By Sophia Pearson and Phil Milford
March 28 (Bloomberg) -- Liberty Media Corp.'s billionaire Chairman John Malone can't oust IAC/InterActiveCorp Chairman Barry Diller and six directors, a judge ruled, thwarting Malone's effort to gain control of the Internet company.
Liberty had argued Diller should be removed because his proposal to split IAC into five parts violated a proxy agreement giving him control of Liberty's majority voting power in IAC. In a ruling issued today in Wilmington, Delaware Chancery Court Judge Stephen Lamb found the plan didn't violate the accord.
Lamb's decision came after a contentious five-day trial to settle a dispute over the control of IAC. Diller, 66, is dueling with Malone, 67, over the spinoff plan, which would halve Liberty's voting power in four new companies. Lamb's ruling paves the way for Diller to move ahead with the proposal, which requires the approval of IAC's board.

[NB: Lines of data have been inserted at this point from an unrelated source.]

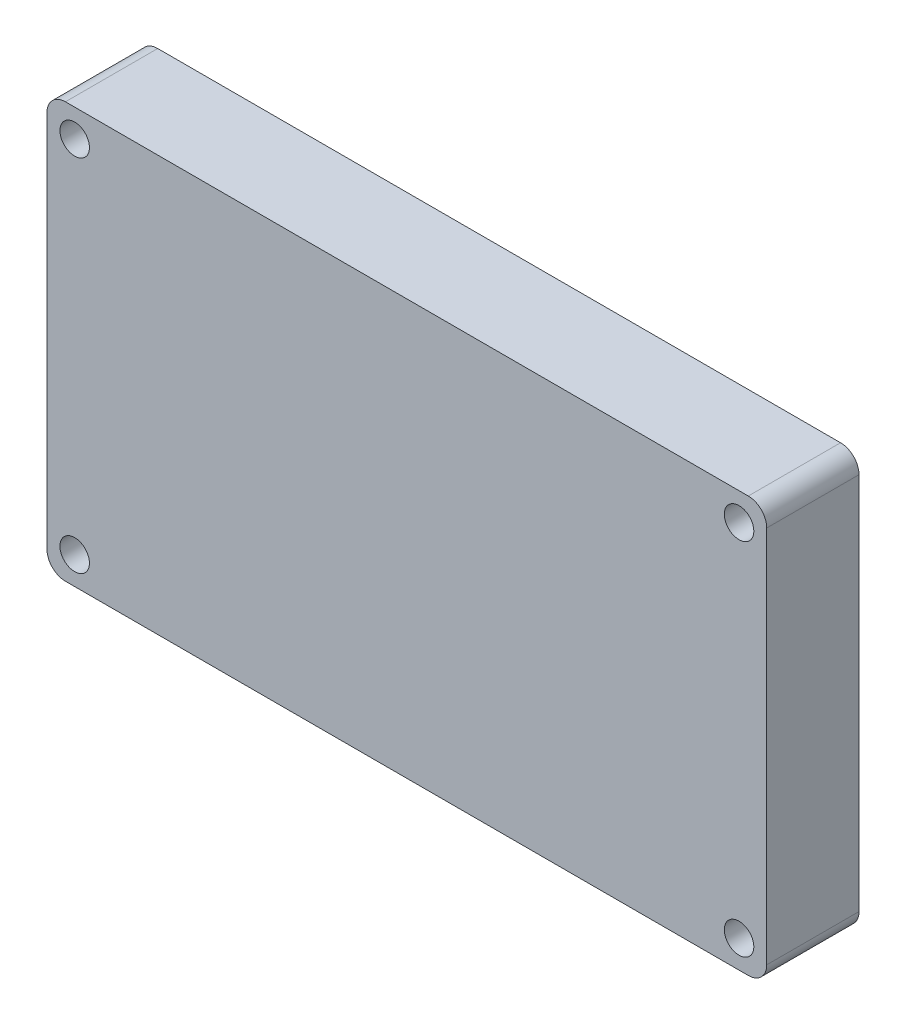
from build123d import *

# Parameters (mm, degrees)
SKETCH1_R           = 1.6
BOSS_EXTRUDE2_DEPTH = 10


with BuildPart() as part:
    # Sketch1 → Boss-Extrude2 (new body)
    with BuildSketch(Plane.XY):
        with BuildLine():
            Line((-78, 42), (-78, 43))
            ThreePointArc((-78, 43), (-77.414213562, 44.414213562), (-76, 45))
            Line((-76, 45), (-75, 45))
            Line((-75, 45), (-3, 45))
            Line((-3, 45), (-2, 45))
            ThreePointArc((-2, 45), (-0.585786438, 44.414213562), (0, 43))
            Line((0, 43), (0, 42))
            Line((0, 42), (0, 3))
            Line((0, 3), (0, 2))
            ThreePointArc((0, 2), (-0.585786438, 0.585786438), (-2, 0))
            Line((-2, 0), (-3, 0))
            Line((-3, 0), (-75, 0))
            Line((-75, 0), (-76, 0))
            ThreePointArc((-76, 0), (-77.414213562, 0.585786438), (-78, 2))
            Line((-78, 2), (-78, 3))
            Line((-78, 3), (-78, 42))
        make_face()
        with Locations((-75, 3)):
            Circle(SKETCH1_R, mode=Mode.SUBTRACT)
        with Locations((-3, 3)):
            Circle(SKETCH1_R, mode=Mode.SUBTRACT)
        with Locations((-3, 42)):
            Circle(SKETCH1_R, mode=Mode.SUBTRACT)
        with Locations((-75, 42)):
            Circle(SKETCH1_R, mode=Mode.SUBTRACT)
    extrude(amount=BOSS_EXTRUDE2_DEPTH)


solid = part.part

``This alleviates a paralyzing uncertainty,'' said Standard & Poor's Scott Kessler, who recommends IAC shares but doesn't own them. ``It lets people look at the true value of the company and lets them be more optimistic.''
Liberty, based in Englewood, Colorado, could still block the spinoff plan if Lamb decides Diller and the IAC directors violated their fiduciary duties to shareholders by pursuing the idea, a matter he will rule on later. He said the matter was not yet legally ripe because there had been no board action.
The consolidated case is: In re IAC/InterActiveCorp, CA3486, Delaware Chancery Court (Wilmington).